# Vail - Discount Tickets?



## Andy H. (Oct 13, 2003)

Is there any such thing? and if so, where can one find them?

(Don't laugh at me... a guy I work with needs them)

Thanks,

--Andy


----------



## conservative boater (Jan 2, 2006)

If you purchase a ticket with someone who has a colorado pass, you can get them for $35. Don't know if that will help you're buddy or not; but that's all I got.


----------



## WhiteLightning (Apr 21, 2004)

Andy, last I checked the Colorado Card/Season Pass discount for day tickets was like 60-something.
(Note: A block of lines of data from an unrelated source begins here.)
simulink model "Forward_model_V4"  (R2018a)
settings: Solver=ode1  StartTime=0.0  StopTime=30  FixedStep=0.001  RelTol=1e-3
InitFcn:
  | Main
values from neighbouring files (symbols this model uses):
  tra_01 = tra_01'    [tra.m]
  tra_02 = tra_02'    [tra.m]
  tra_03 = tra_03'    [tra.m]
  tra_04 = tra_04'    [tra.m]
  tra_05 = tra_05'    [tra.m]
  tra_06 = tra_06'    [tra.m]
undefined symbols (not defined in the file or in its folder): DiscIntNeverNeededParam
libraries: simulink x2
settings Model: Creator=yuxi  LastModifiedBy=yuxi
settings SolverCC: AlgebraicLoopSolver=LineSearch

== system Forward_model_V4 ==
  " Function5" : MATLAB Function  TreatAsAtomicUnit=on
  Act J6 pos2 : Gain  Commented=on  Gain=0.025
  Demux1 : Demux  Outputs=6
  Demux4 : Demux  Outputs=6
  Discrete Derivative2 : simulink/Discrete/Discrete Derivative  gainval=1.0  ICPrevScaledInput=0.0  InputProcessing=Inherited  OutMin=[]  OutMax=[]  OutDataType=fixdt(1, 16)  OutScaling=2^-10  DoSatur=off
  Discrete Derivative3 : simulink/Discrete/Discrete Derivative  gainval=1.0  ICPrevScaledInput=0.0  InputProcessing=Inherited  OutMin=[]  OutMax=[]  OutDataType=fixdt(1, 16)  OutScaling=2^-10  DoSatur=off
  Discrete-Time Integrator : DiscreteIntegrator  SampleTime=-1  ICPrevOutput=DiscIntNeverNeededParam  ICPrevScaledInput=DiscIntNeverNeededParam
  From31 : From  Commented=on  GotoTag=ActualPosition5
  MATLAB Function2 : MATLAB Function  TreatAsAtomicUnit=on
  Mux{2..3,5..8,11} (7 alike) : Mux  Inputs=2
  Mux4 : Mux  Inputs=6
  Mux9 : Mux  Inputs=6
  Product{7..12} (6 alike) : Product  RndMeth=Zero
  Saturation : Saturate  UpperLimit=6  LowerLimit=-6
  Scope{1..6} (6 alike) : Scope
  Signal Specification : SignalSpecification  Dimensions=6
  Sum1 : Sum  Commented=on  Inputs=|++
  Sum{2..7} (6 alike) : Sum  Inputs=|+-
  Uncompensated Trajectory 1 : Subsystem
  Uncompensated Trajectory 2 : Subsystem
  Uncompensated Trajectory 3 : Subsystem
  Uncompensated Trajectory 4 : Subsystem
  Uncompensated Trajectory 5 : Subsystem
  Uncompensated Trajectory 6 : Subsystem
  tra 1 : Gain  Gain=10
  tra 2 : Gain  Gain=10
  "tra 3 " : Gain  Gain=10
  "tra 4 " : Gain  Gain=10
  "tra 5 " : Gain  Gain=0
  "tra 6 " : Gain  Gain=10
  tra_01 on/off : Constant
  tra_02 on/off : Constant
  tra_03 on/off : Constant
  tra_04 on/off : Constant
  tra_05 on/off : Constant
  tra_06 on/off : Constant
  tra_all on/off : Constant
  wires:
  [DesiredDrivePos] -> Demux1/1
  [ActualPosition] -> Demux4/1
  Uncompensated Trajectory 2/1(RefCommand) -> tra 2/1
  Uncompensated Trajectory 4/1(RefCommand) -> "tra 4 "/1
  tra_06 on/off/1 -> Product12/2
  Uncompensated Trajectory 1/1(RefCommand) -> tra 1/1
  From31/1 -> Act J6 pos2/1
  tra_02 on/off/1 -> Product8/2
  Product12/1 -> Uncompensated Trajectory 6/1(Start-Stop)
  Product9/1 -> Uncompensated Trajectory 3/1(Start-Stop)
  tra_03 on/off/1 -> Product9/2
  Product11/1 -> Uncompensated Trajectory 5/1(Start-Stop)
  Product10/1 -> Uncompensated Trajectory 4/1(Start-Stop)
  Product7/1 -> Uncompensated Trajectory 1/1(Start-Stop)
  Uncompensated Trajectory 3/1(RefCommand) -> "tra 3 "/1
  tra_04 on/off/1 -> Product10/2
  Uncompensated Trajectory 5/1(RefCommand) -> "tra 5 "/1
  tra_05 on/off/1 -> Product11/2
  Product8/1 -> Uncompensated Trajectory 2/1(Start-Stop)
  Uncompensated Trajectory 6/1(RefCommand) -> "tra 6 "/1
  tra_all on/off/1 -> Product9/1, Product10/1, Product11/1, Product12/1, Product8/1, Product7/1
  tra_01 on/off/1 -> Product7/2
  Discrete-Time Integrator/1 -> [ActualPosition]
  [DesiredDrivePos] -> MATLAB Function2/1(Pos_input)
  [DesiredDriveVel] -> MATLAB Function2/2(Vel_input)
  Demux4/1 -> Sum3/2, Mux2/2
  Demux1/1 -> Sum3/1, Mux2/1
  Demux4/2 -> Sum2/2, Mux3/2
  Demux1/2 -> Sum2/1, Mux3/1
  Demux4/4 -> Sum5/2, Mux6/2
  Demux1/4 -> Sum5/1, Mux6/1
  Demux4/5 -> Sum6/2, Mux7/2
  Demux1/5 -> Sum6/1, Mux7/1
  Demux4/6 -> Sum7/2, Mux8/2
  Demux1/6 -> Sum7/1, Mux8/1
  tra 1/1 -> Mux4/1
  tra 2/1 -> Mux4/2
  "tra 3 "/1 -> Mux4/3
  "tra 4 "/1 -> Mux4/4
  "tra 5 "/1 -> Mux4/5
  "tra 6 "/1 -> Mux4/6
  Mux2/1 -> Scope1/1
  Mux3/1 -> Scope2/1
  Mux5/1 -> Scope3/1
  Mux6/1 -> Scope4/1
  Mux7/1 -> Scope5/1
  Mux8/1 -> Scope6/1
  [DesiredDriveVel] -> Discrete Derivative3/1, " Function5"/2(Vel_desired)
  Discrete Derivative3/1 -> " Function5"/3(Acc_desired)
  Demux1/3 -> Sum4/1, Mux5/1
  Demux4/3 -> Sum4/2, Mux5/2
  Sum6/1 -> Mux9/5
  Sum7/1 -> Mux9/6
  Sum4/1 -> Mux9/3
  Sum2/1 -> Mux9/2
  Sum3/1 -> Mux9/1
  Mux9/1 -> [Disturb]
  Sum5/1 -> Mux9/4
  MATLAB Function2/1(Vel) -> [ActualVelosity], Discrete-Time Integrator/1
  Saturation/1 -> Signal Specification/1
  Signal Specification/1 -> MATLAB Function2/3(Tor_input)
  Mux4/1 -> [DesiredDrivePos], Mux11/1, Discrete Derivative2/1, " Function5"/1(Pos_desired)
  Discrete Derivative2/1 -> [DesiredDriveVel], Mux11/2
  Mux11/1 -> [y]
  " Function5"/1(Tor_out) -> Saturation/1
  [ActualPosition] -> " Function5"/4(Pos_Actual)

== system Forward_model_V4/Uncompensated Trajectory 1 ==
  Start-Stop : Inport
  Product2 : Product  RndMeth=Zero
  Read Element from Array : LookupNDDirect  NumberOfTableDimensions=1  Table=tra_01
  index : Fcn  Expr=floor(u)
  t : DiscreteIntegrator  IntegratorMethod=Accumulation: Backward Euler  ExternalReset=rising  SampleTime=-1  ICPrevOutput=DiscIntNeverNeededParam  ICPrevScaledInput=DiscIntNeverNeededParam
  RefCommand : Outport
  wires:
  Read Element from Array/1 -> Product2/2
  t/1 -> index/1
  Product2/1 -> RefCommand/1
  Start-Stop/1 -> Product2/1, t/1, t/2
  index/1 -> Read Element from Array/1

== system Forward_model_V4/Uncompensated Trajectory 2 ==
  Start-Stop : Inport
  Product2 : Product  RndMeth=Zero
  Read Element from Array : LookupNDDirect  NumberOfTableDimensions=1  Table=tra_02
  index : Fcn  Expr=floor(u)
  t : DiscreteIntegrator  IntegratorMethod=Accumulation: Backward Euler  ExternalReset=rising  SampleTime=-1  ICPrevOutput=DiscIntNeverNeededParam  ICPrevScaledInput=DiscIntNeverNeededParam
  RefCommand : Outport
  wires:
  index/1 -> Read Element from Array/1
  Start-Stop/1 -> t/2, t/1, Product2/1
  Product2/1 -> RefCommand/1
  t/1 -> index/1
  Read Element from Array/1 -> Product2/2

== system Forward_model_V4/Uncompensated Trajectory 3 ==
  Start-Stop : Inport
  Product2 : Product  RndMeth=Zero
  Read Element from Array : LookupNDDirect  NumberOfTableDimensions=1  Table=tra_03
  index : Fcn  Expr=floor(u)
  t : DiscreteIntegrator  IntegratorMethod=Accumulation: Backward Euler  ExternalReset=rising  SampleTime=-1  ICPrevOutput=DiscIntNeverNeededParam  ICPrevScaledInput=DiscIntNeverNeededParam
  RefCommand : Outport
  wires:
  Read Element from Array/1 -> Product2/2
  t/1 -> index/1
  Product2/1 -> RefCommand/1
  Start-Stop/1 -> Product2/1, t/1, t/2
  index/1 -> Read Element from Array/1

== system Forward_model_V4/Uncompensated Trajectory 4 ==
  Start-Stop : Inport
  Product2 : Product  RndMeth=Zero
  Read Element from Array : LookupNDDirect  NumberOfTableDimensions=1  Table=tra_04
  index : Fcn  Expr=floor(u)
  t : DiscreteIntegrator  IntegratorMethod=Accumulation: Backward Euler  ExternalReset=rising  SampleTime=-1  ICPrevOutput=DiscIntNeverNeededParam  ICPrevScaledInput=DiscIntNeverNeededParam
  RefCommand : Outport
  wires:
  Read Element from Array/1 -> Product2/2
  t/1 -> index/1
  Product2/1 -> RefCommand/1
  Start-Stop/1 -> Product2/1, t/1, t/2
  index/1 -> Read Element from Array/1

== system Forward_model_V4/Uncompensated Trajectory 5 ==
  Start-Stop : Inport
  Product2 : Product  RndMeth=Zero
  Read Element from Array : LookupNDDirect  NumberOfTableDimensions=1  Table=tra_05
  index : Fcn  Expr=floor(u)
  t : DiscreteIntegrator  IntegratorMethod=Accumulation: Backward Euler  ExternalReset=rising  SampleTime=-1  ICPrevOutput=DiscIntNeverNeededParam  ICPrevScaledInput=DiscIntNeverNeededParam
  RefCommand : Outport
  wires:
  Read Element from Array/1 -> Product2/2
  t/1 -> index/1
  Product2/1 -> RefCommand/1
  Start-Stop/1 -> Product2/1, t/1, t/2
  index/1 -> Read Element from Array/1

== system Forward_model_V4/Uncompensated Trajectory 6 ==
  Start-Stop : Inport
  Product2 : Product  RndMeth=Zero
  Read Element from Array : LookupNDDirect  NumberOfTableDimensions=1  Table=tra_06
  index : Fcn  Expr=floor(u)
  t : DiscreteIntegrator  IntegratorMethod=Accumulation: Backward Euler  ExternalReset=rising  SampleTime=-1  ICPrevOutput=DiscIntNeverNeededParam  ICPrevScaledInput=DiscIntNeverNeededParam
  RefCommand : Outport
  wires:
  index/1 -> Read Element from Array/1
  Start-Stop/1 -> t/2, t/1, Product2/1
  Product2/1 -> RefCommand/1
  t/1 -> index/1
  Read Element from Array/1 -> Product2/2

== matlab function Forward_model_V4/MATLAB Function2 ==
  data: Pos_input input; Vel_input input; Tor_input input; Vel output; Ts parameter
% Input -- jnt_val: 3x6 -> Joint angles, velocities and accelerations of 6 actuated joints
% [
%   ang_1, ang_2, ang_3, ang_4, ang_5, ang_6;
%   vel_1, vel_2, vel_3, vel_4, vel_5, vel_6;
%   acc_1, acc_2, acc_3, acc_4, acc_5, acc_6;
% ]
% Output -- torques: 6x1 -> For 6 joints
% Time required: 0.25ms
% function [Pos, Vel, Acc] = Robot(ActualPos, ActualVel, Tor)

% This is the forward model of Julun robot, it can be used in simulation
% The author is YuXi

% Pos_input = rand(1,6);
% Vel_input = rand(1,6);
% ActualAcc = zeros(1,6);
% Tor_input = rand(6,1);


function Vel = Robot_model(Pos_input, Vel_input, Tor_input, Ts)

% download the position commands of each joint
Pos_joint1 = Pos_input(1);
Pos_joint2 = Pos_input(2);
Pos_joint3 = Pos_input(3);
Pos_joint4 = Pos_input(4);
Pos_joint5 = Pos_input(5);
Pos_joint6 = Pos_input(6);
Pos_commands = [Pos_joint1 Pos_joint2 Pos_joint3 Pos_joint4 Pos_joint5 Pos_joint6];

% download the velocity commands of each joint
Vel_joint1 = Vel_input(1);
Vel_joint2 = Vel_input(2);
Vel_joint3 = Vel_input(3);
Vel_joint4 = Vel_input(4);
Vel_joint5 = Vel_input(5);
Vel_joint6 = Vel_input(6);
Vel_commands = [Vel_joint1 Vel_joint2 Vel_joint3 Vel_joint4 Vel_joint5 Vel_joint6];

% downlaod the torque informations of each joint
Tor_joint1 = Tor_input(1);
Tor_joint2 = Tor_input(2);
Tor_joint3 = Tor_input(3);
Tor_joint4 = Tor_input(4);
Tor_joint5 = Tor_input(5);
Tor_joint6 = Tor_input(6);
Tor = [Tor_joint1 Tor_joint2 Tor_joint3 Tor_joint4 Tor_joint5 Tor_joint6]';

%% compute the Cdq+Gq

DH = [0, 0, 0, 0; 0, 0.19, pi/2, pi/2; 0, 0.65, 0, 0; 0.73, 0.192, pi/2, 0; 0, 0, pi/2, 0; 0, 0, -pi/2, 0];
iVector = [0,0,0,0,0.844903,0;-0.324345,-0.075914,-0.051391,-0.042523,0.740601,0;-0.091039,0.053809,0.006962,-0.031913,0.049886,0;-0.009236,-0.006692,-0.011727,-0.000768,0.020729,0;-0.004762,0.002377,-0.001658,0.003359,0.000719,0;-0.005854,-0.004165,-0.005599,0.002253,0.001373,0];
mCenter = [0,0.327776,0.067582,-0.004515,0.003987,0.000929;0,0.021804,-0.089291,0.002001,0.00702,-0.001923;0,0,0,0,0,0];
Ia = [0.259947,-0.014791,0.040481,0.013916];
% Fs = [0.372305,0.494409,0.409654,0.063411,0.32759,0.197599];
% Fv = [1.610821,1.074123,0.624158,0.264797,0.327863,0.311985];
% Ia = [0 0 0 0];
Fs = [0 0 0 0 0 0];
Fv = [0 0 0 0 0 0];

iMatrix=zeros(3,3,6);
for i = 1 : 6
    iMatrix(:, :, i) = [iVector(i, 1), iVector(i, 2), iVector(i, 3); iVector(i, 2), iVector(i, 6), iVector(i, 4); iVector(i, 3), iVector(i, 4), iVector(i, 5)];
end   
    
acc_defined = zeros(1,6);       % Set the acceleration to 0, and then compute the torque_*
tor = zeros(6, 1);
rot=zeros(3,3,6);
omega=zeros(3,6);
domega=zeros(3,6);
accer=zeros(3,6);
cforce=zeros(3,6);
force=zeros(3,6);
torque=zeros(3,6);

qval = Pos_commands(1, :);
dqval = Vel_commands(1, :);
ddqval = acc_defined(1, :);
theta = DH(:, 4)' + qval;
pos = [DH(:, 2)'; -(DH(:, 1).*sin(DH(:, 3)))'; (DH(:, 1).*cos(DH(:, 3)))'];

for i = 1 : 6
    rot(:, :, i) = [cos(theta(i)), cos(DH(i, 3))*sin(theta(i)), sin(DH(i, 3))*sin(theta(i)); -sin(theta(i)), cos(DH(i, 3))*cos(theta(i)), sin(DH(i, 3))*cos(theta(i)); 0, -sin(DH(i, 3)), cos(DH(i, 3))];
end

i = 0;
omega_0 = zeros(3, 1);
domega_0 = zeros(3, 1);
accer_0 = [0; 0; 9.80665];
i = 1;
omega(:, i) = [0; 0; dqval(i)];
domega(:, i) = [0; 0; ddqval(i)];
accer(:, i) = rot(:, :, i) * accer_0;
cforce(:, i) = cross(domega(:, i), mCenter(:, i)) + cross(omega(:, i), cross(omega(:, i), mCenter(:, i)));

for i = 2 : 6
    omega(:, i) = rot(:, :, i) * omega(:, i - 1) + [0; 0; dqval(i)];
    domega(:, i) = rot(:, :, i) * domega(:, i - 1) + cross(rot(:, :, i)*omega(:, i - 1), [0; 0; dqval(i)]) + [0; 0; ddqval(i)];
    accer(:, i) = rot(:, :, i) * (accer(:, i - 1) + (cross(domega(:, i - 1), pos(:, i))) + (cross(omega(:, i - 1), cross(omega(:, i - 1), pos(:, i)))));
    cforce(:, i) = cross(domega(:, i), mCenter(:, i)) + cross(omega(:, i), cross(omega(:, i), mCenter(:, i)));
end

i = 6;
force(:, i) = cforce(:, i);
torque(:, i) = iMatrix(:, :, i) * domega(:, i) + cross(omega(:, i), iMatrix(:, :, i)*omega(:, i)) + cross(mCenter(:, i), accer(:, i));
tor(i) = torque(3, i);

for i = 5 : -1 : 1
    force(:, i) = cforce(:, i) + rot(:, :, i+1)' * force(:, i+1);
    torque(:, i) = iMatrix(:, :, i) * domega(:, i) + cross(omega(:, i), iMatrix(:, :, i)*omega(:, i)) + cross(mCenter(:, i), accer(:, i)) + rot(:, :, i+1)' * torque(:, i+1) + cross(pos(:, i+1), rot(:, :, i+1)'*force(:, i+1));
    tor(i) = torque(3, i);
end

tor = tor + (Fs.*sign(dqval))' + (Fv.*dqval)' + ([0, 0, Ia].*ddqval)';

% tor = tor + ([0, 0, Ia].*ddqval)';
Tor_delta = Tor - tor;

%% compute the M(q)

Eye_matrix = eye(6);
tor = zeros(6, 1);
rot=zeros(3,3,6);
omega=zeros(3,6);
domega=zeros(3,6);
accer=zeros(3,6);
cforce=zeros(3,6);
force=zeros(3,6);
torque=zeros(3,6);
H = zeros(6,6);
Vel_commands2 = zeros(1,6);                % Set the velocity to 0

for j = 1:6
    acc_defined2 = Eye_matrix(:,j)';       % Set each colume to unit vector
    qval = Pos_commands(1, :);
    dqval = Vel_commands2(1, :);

If you know a Vail employee, they get a stack of coupons for $30 lift tickets. Unfortunately, I'm only a volunteer, so I don't get jack. (You would think they would take extra good care of people who work for free, but this IS Vail Resorts we are talking about!)


----------



## WhiteLightning (Apr 21, 2004)

By the way, me and my jello legs just got back from a "lunch meeting" at Grouse Mountain. The snow is great up there today!


----------



## spthomson (Oct 18, 2003)

I've got access to a couple of tickets valid at all 5 Vail Resorts, dated through April. I let 'me go at a discount. Email me at [email protected] if yer interested.


----------



## brendodendo (Jul 18, 2004)

will trade 40% off tix at Aspen/ Snowmass for another kick ass area...


----------